WHAT IS REQUIRED: Go through the lines below and repeat each one exactly, skipping pictures.

(Beginning of SUPPLIED RECORDS)

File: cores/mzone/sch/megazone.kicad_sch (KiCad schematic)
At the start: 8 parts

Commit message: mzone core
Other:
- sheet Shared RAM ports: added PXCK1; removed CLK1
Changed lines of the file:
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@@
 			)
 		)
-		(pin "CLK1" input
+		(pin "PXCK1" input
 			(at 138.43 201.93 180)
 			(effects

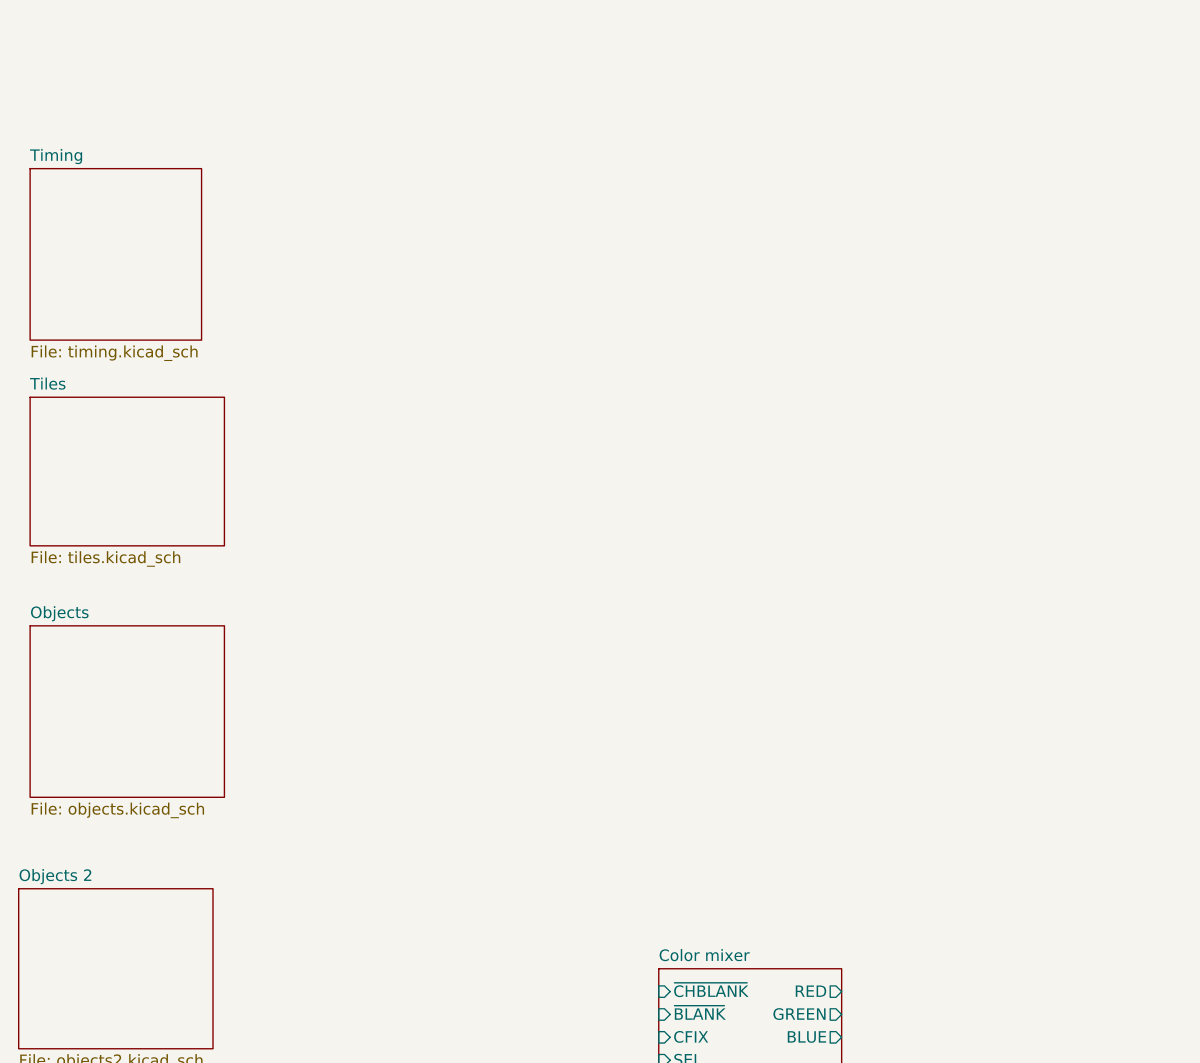
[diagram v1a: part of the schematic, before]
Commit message: mzone core
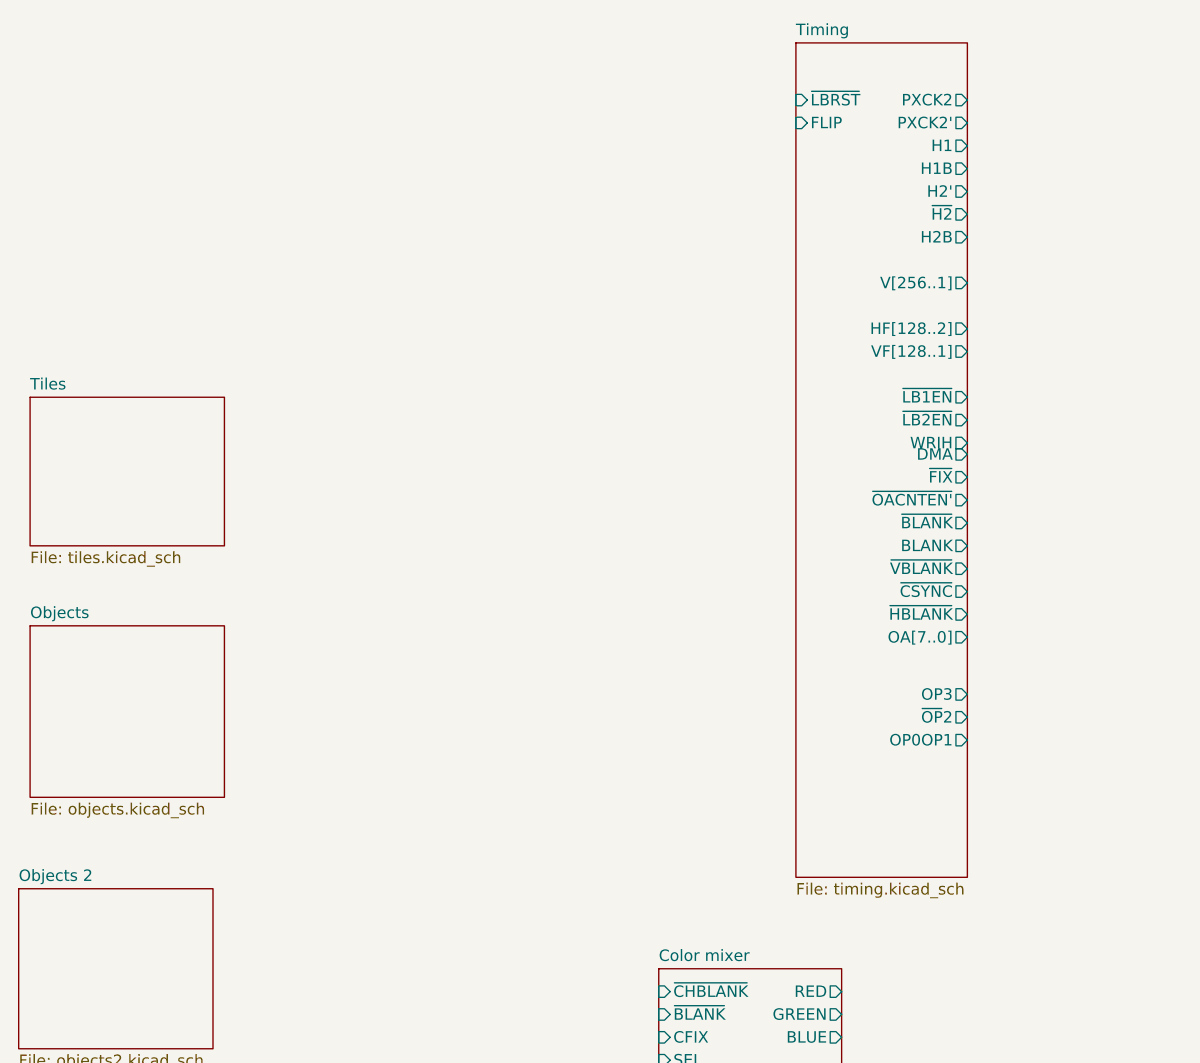
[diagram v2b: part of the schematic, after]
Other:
- sheet Timing ports: added BLANK, DMA, FLIP, H1, H1B, H2', H2B, HF[128..2], OA[7..0], OP0OP1, OP3, PXCK2, PXCK2', VF[128..1], V[256..1], WRIH, ~{BLANK}, ~{CSYNC}, ~{FIX}, ~{H2}, ~{HBLANK}, ~{LB1EN}, ~{LB2EN}, ~{LBRST}, ~{OACNTEN'}, ~{OP}2, ~{VBLANK}; removed none

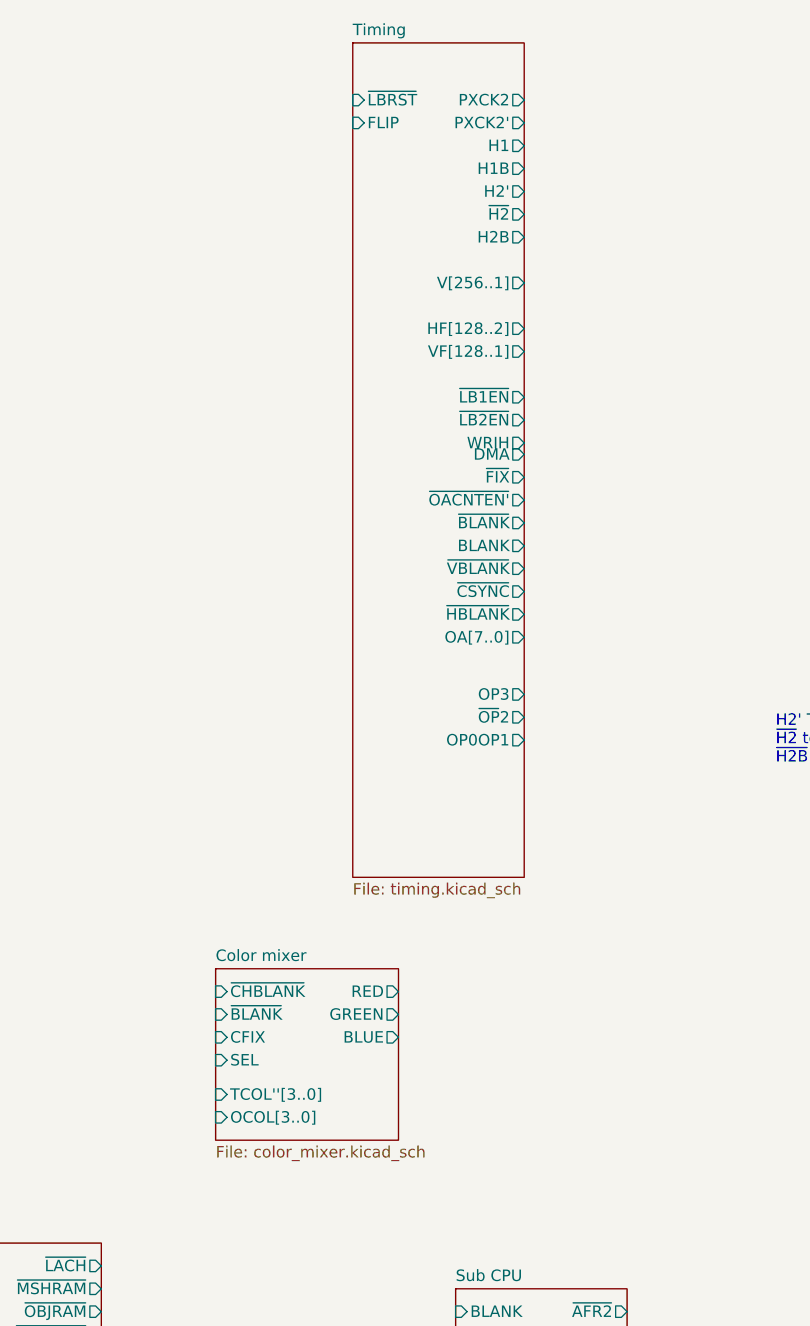
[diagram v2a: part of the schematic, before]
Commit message: mzone core
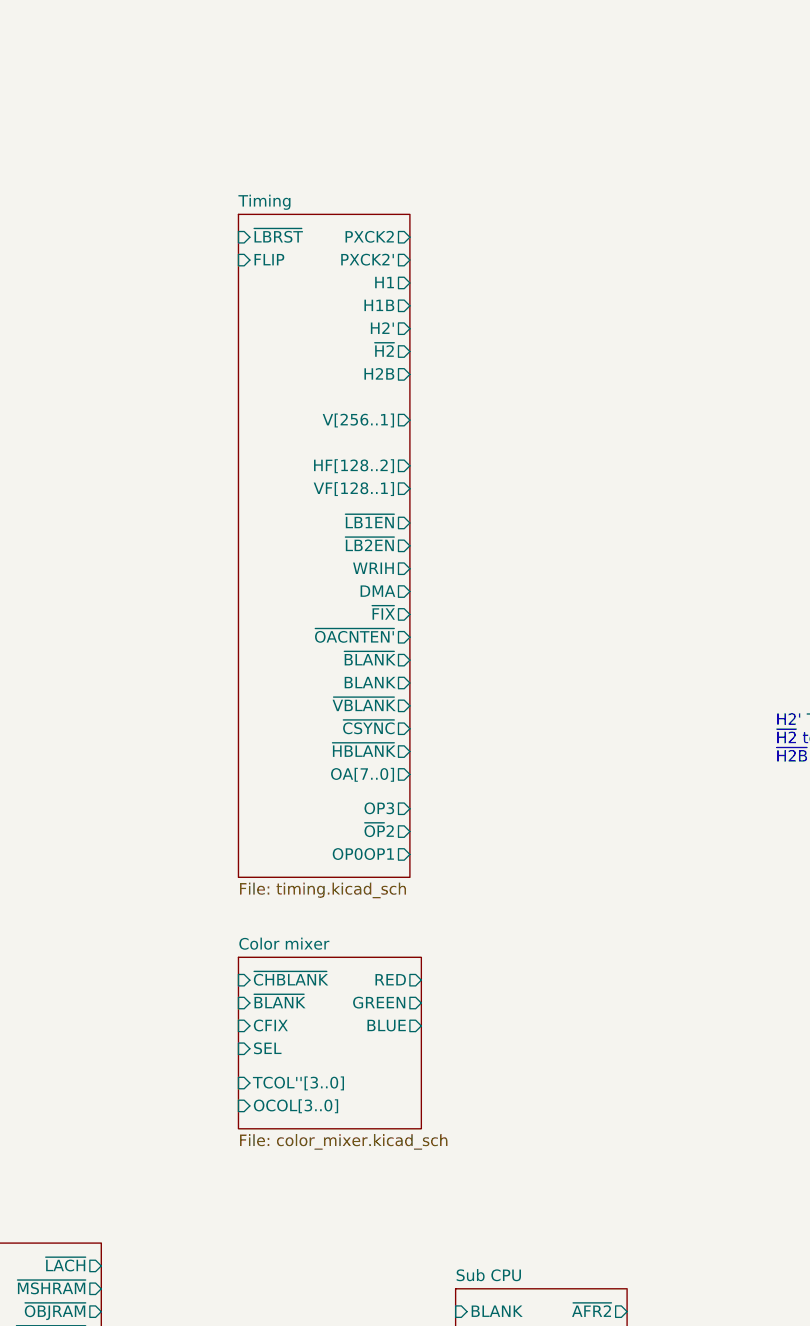
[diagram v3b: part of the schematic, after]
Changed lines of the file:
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@@
 	)
 	(sheet
-		(at 96.52 114.3)
+		(at 99.06 113.03)
 		(size 20.32 19.05)
 		(fields_autoplaced yes)
@@
 		)
 		(property "Sheetname" "Color mixer"
-			(at 96.52 113.5884 0)
+			(at 99.06 112.3184 0)
 			(effects
 				(font
@@
 		)
 		(property "Sheetfile" "color_mixer.kicad_sch"
-			(at 96.52 133.9346 0)
+			(at 99.06 132.6646 0)
 			(effects
 				(font
@@
 		)
 		(pin "OCOL[3..0]" input
-			(at 96.52 130.81 180)
+			(at 99.06 129.54 180)
 			(effects
 				(font
@@
 		)
 		(pin "TCOL''[3..0]" input
-			(at 96.52 128.27 180)
+			(at 99.06 127 180)
 			(effects
 				(font
@@
 		)
 		(pin "SEL" input
-			(at 96.52 124.46 180)
+			(at 99.06 123.19 180)
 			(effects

(End of SUPPLIED RECORDS)

RESULT BELOW:
File: cores/mzone/sch/megazone.kicad_sch (KiCad schematic)
At the start: 8 parts

Commit message: mzone core
Other:
- sheet Shared RAM ports: added PXCK1; removed CLK1
Changed lines of the file:
@@
 			)
 		)
-		(pin "CLK1" input
+		(pin "PXCK1" input
 			(at 138.43 201.93 180)
 			(effects

[diagram v1a: part of the schematic, before]
Commit message: mzone core
[diagram v2b: part of the schematic, after]
Other:
- sheet Timing ports: added BLANK, DMA, FLIP, H1, H1B, H2', H2B, HF[128..2], OA[7..0], OP0OP1, OP3, PXCK2, PXCK2', VF[128..1], V[256..1], WRIH, ~{BLANK}, ~{CSYNC}, ~{FIX}, ~{H2}, ~{HBLANK}, ~{LB1EN}, ~{LB2EN}, ~{LBRST}, ~{OACNTEN'}, ~{OP}2, ~{VBLANK}; removed none

[diagram v2a: part of the schematic, before]
Commit message: mzone core
[diagram v3b: part of the schematic, after]
Changed lines of the file:
@@
 	)
 	(sheet
-		(at 96.52 114.3)
+		(at 99.06 113.03)
 		(size 20.32 19.05)
 		(fields_autoplaced yes)
@@
 		)
 		(property "Sheetname" "Color mixer"
-			(at 96.52 113.5884 0)
+			(at 99.06 112.3184 0)
 			(effects
 				(font
@@
 		)
 		(property "Sheetfile" "color_mixer.kicad_sch"
-			(at 96.52 133.9346 0)
+			(at 99.06 132.6646 0)
 			(effects
 				(font
@@
 		)
 		(pin "OCOL[3..0]" input
-			(at 96.52 130.81 180)
+			(at 99.06 129.54 180)
 			(effects
 				(font
@@
 		)
 		(pin "TCOL''[3..0]" input
-			(at 96.52 128.27 180)
+			(at 99.06 127 180)
 			(effects
 				(font
@@
 		)
 		(pin "SEL" input
-			(at 96.52 124.46 180)
+			(at 99.06 123.19 180)
 			(effects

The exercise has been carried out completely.